--- LISTED ENTRIES ---
-=-=-

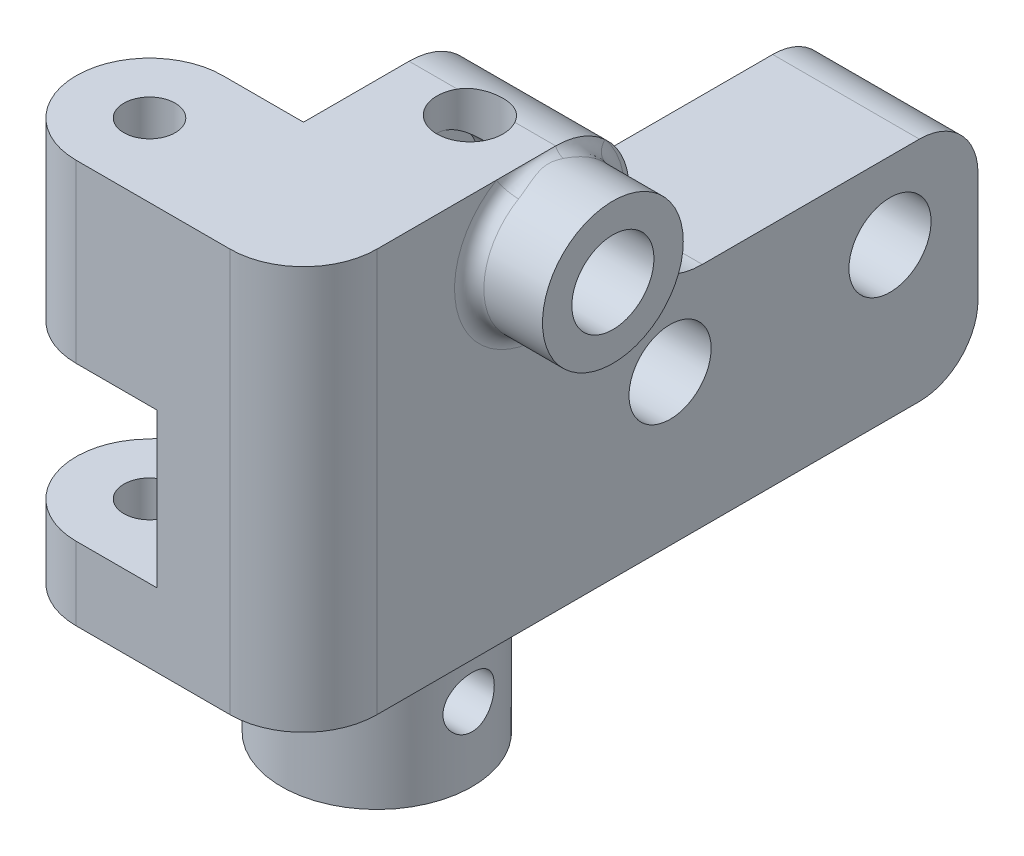
SolidWorks part; units mm, degrees
ref_plane "Front Plane" through (0, 0, 0) normal (0, 0, 1) x (1, 0, 0)
ref_plane "Top Plane" through (0, 0, 0) normal (0, 1, 0) x (1, 0, 0)
ref_plane "Right Plane" through (0, 0, 0) normal (1, 0, 0) x (0, 0, -1)
sketch "Sketch1" plane through (0, 0, 0) normal (0, 1, 0) x (1, 0, 0)
  line L0 (0, 0) -> (5.5, 0) construction
  line L1 (0, 5) -> (5.5, 5)
  line L2 (0, -5) -> (5.5, -5)
  line L3 (5.5, 5) -> (5.5, 31)
  line L4 (5.5, -5) -> (15.5, -5)
  line L6 (5.5, 31) -> (15.5, 31)
  line L7 (15.5, -5) -> (15.5, 31)
  line L8 (5.5, 20) -> (15.5, 20) construction
  arc A0 (0, 5) -> (0, -5) centre (0, 0) ccw
  circle A2 centre (0, 0) radius 1.75
  circle A3 centre (5.5, 10) radius 39 construction
  dimension "D1" = 5
  dimension "D2" = 3.5
  dimension "D5" = 78
  dimension "D3" = 5.5
  dimension "D4" = 10
  dimension "D6" = 10
  dimension "D7" = 10
  dimension "D8" = 11
extrude "Boss-Extrude1" add sketch "Sketch1" along normal blind 5
sketch "Sketch2" plane through (0, 5, 0) normal (0, 1, 0) x (1, 0, 0)
  line L1 (5.5, 31) -> (15.5, 31)
  line L2 (5.5, 31) -> (5.5, -5)
  line L3 (5.5, -5) -> (15.5, -5)
  line L4 (15.5, 31) -> (15.5, -5)
extrude "Boss-Extrude2" add sketch "Sketch2" along normal blind 10.5
sketch "Sketch3" plane through (0, 15.5, 0) normal (0, 1, 0) x (1, 0, 0)
  line L0 (5.5, 5) -> (15.5, 5)
  line L3 (5.5, -5) -> (5.5, 5)
  line L4 (5.5, 31) -> (5.5, -5)
  line L5 (5.5, -5) -> (15.5, -5)
  line L6 (15.5, -5) -> (15.5, 31)
  line L7 (15.5, 31) -> (5.5, 31)
  line L9 (5.5, -5) -> (15.5, -5)
  line L10 (15.5, -5) -> (15.5, 5)
  line L12 (5.5, 5) -> (0, 5)
  line L13 (0, -5) -> (5.5, -5)
  line L15 (5.5, 5) -> (0, 5)
  line L16 (0, -5) -> (5.5, -5)
  circle A0 centre (0, 0) radius 1.75 construction
  arc A1 (0, 5) -> (0, -5) centre (0, 0) ccw
  arc A2 (0, 5) -> (0, -5) centre (0, 0) ccw
  circle A3 centre (0, 0) radius 1.75
  dimension "D1" = 0
  dimension "D2" = 0
extrude "Boss-Extrude3" add sketch "Sketch3" along normal blind 5
fillet "Fillet1" radius 5 1 edges at (15.5, 10.25, 5)
sketch "Sketch4" plane through (15.5, 0, 0) normal (1, 0, 0) x (0, 0, -1)
  line L0 (1.75, 20.5) -> (-1.75, 20.5) construction
  line L1 (1.75, 20.5) -> (-1.75, 20.5)
  line L2 (0, 20.5) -> (0, 10.25) construction
  line L3 (0, 20.5) -> (0, 0) construction
  line L4 (0, 10.25) -> (20, 10.25) construction
  circle A0 centre (20, 10.25) radius 2.8
  dimension "D2" = 5.6
  dimension "D1" = 20
extrude "Cut-Extrude1" cut sketch "Sketch4" against normal through all contours A0 region at (15.5, 10.25, -20)
sketch "Sketch5" plane through (0, 0, 0) normal (0, -1, 0) x (1, 0, 0)
  line L0 (5.5, -31) -> (5.5, -5) construction
  circle A0 centre (5.5, -10) radius 6.5
  circle A1 centre (0, 0) radius 1.75 construction
  circle A2 centre (0, 0) radius 1.75 construction
  circle A3 centre (5.5, -10) radius 2.5
  dimension "D2" = 13
  dimension "D3" = 5
  dimension "D1" = 10
extrude "Boss-Extrude4" add sketch "Sketch5" along normal blind 11
sketch "Sketch6" plane through (0, 0, 0) normal (0, 1, 0) x (1, 0, 0)
  line L3 (5.5, 12.5) -> (5.5, 16.5)
  line L4 (1.3467, 5) -> (5.5, 5)
  line L5 (5.5, 5) -> (5.5, 7.5)
  line L6 (5.5, 12.5) -> (5.5, 16.5)
  line L7 (1.3467, 5) -> (5.5, 5)
  line L8 (5.5, 5) -> (5.5, 7.5)
  arc A2 (5.5, 16.5) -> (1.3467, 5) centre (5.5, 10) ccw
  arc A3 (5.5, 12.5) -> (5.5, 7.5) centre (5.5, 10) ccw
  arc A4 (5.5, 16.5) -> (1.3467, 5) centre (5.5, 10) ccw
  arc A5 (5.5, 12.5) -> (5.5, 7.5) centre (5.5, 10) ccw
  dimension "D1" = 0
extrude "Boss-Extrude5" add sketch "Sketch6" along normal up to surface (5 mm away) up to face at (1.5, 5, 0)
sketch "Sketch7" plane through (0, 0, 0) normal (1, 0, 0) x (0, 0, -1)
  line L0 (10, -11) -> (10, -6) construction
  line L1 (3.5, -11) -> (16.5, -11) construction
  circle A0 centre (10, -6) radius 1.75
  dimension "D1" = 3.5
  dimension "D2" = 5
extrude "Cut-Extrude2" cut sketch "Sketch7" against normal through all both and the other way through all
sketch "Sketch8" plane through (15.5, 0, 0) normal (1, 0, 0) x (0, 0, -1)
  circle A0 centre (13.5, 10.25) radius 1.6
  circle A1 centre (26.5, 10.25) radius 1.6
  circle A2 centre (20, 10.25) radius 2.8 construction
  circle A3 centre (20, 10.25) radius 2.8 construction
  dimension "D2" = 3.2
  dimension "D3" = 3.2
  dimension "D1" = 6.5
  dimension "D4" = 6.5
extrude "Cut-Extrude3" [suppressed] cut sketch "Sketch8" against normal blind 8
fillet "Fillet2" radius 5 2 edges at (10.5, 0, -31) (10.5, 15.5, -31)
chamfer "Chamfer1" [suppressed] distance 1 angle 45
fillet "Fillet3" radius 5 1 edges at (10.5, 15.5, -5)
sketch "Sketch9" plane through (5.5, 0, 0) normal (-1, 0, 0) x (0, 0, 1)
  line L0 (-26, 15.5) -> (-10, 15.5) construction
  line L1 (-17.2, 15.5) -> (-5, 15.5)
  line L2 (-17.2, 15.5) -> (-17.2, 27.5)
  line L3 (-17.2, 27.5) -> (-5, 27.5)
  line L4 (-5, 15.5) -> (-5, 27.5)
  line L5 (-5, 20.5) -> (-5, 15.5) construction
  circle A0 centre (-20, 10.25) radius 2.8 construction
  dimension "D1" = 12
extrude "Boss-Extrude6" add sketch "Sketch9" against normal up to surface (10 mm away) up to face at (15.5, 10.25, -22.8)
fillet "Fillet4" [suppressed] radius 4
fillet "Fillet5" [suppressed] radius 2
sketch "Sketch10" [suppressed] plane through (0, 27.5, 0) normal (0, 1, 0) x (1, 0, 0)
  line L0 (10.5, 11.1) -> (10.5, 7) construction
  line L1 (5.5, 7) -> (15.5, 7) construction
  line L2 (10.5, 11.1) -> (5.5, 11.1) construction
  line L3 (5.5, 7) -> (5.5, 15.2) construction
  line L5 (9.5, 13.35) -> (11.5, 13.35) construction
  line L6 (9.5, 13.35) -> (9.5, 8.85) construction
  line L7 (9.5, 8.85) -> (11.5, 8.85) construction
  line L8 (11.5, 13.35) -> (11.5, 8.85) construction
  line L9 (9.5, 13.35) -> (11.5, 8.85) construction
  line L10 (9.5, 8.85) -> (11.5, 13.35) construction
  circle A1 centre (10.5, 11.1) radius 2
  dimension "D1" = 4.5
  dimension "D3" = 4
  dimension "D2" = 2
extrude "Cut-Extrude4" [suppressed] cut sketch "Sketch10" against normal blind 10
sketch "Sketch11" plane through (15.5, 0, 0) normal (1, 0, 0) x (0, 0, -1)
  line L0 (11.1, 22.5) -> (11.1, 27.5) construction
  line L1 (17.2, 27.5) -> (5, 27.5) construction
  circle A0 centre (11.1, 22.5) radius 2.8
  dimension "D1" = 5.6
  dimension "D2" = 5
extrude "Cut-Extrude5" cut sketch "Sketch11" against normal blind 7
sketch "Sketch12" plane through (15.5, 0, 0) normal (1, 0, 0) x (0, 0, -1)
  circle A0 centre (11.1, 22.5) radius 2.8 construction
  circle A1 centre (11.1, 22.5) radius 2.8
  circle A2 centre (11.1, 22.5) radius 4.8
  dimension "D1" = 2
extrude "Boss-Extrude7" add sketch "Sketch12" along normal blind 5
chamfer "Chamfer2" distance 3 angle 45 1 edges at (5.5, -11, -12.5)
chamfer "Chamfer3" distance 3 angle 45 1 edges at (5.5, 0, -10)
fillet "Fillet6" radius 2 1 edges at (3, 5, -10)
sketch "Sketch13" plane through (5.5, 0, 0) normal (-1, 0, 0) x (0, 0, 1)
  line L0 (-26, 15.5) -> (-17.2, 15.5) construction
  line L1 (-26, 0) -> (-37, 0)
  line L2 (-26, 0) -> (-26, 15.5)
  line L3 (-26, 15.5) -> (-37, 15.5)
  line L4 (-41, 4) -> (-41, 11.5)
  circle A0 centre (-35, 10.25) radius 2.8
  circle A1 centre (-20, 10.25) radius 2.8 construction
  circle A2 centre (-20, 10.25) radius 2.8 construction
  arc A3 (-37, 0) -> (-41, 4) centre (-37, 4) cw
  arc A4 (-37, 15.5) -> (-41, 11.5) centre (-37, 11.5) ccw
  dimension "D1" = 5.6
  dimension "D3" = 4
  dimension "D2" = 15
  dimension "D4" = 6
extrude "Boss-Extrude8" add sketch "Sketch13" against normal up to surface (10 mm away) up to face at (15.5, 10.25, -22.8)
sketch "Sketch14" plane through (0, 20.5, 0) normal (0, 1, 0) x (1, 0, 0)
  line L4 (0, -5) -> (10.5, -5)
  line L5 (15.5, 0) -> (15.5, 5)
  line L6 (15.5, 5) -> (5.5, 5)
  line L7 (5.5, 5) -> (0, 5)
  line L8 (0, -5) -> (10.5, -5)
  line L9 (15.5, 0) -> (15.5, 5)
  line L10 (15.5, 5) -> (5.5, 5)
  line L11 (5.5, 5) -> (0, 5)
  circle A0 centre (0, 0) radius 1.75 construction
  circle A1 centre (0, 0) radius 1.75
  arc A2 (10.5, -5) -> (15.5, 0) centre (10.5, 0) ccw
  arc A3 (0, 5) -> (0, -5) centre (0, 0) ccw
  arc A4 (10.5, -5) -> (15.5, 0) centre (10.5, 0) ccw
  arc A5 (0, 5) -> (0, -5) centre (0, 0) ccw
  dimension "D1" = 0
extrude "Boss-Extrude9" add sketch "Sketch14" along normal up to surface (7 mm away) up to face at (10.5, 27.5, -11.1)
fillet "Fillet7" radius 10 1 edges at (1.3467, 2.5, -5)
fillet "Fillet8" radius 5 2 edges at (10.5, 27.5, -17.2) (10.5, 15.5, -17.2)
sketch "Sketch15" plane through (0, 27.5, 0) normal (0, 1, 0) x (1, 0, 0)
  line L0 (8.5, 8.3) -> (8.5, 13.9) construction
  line L1 (8.5, 8.3) -> (8.5, 13.9) construction
  line L2 (10.75, 11.1) -> (8.5, 11.1) construction
  circle A0 centre (10.75, 11.1) radius 2.25
  dimension "D1" = 4.5
extrude "Cut-Extrude6" cut sketch "Sketch15" against normal blind 10
fillet "Fillet9" radius 1 1 edges at (15.5, 22.5, -6.3)

-=-=-

--- WHAT TO PRODUCE ---
Write out each line of the data above exactly, starting at the top and finishing with the line containing "line L4 (5.5, 31) -> (5.5, -5)"; omit the pictures.

--- COMPLETED EXERCISE ---
SolidWorks part; units mm, degrees
ref_plane "Front Plane" through (0, 0, 0) normal (0, 0, 1) x (1, 0, 0)
ref_plane "Top Plane" through (0, 0, 0) normal (0, 1, 0) x (1, 0, 0)
ref_plane "Right Plane" through (0, 0, 0) normal (1, 0, 0) x (0, 0, -1)
sketch "Sketch1" plane through (0, 0, 0) normal (0, 1, 0) x (1, 0, 0)
  line L0 (0, 0) -> (5.5, 0) construction
  line L1 (0, 5) -> (5.5, 5)
  line L2 (0, -5) -> (5.5, -5)
  line L3 (5.5, 5) -> (5.5, 31)
  line L4 (5.5, -5) -> (15.5, -5)
  line L6 (5.5, 31) -> (15.5, 31)
  line L7 (15.5, -5) -> (15.5, 31)
  line L8 (5.5, 20) -> (15.5, 20) construction
  arc A0 (0, 5) -> (0, -5) centre (0, 0) ccw
  circle A2 centre (0, 0) radius 1.75
  circle A3 centre (5.5, 10) radius 39 construction
  dimension "D1" = 5
  dimension "D2" = 3.5
  dimension "D5" = 78
  dimension "D3" = 5.5
  dimension "D4" = 10
  dimension "D6" = 10
  dimension "D7" = 10
  dimension "D8" = 11
extrude "Boss-Extrude1" add sketch "Sketch1" along normal blind 5
sketch "Sketch2" plane through (0, 5, 0) normal (0, 1, 0) x (1, 0, 0)
  line L1 (5.5, 31) -> (15.5, 31)
  line L2 (5.5, 31) -> (5.5, -5)
  line L3 (5.5, -5) -> (15.5, -5)
  line L4 (15.5, 31) -> (15.5, -5)
extrude "Boss-Extrude2" add sketch "Sketch2" along normal blind 10.5
sketch "Sketch3" plane through (0, 15.5, 0) normal (0, 1, 0) x (1, 0, 0)
  line L0 (5.5, 5) -> (15.5, 5)
  line L3 (5.5, -5) -> (5.5, 5)
  line L4 (5.5, 31) -> (5.5, -5)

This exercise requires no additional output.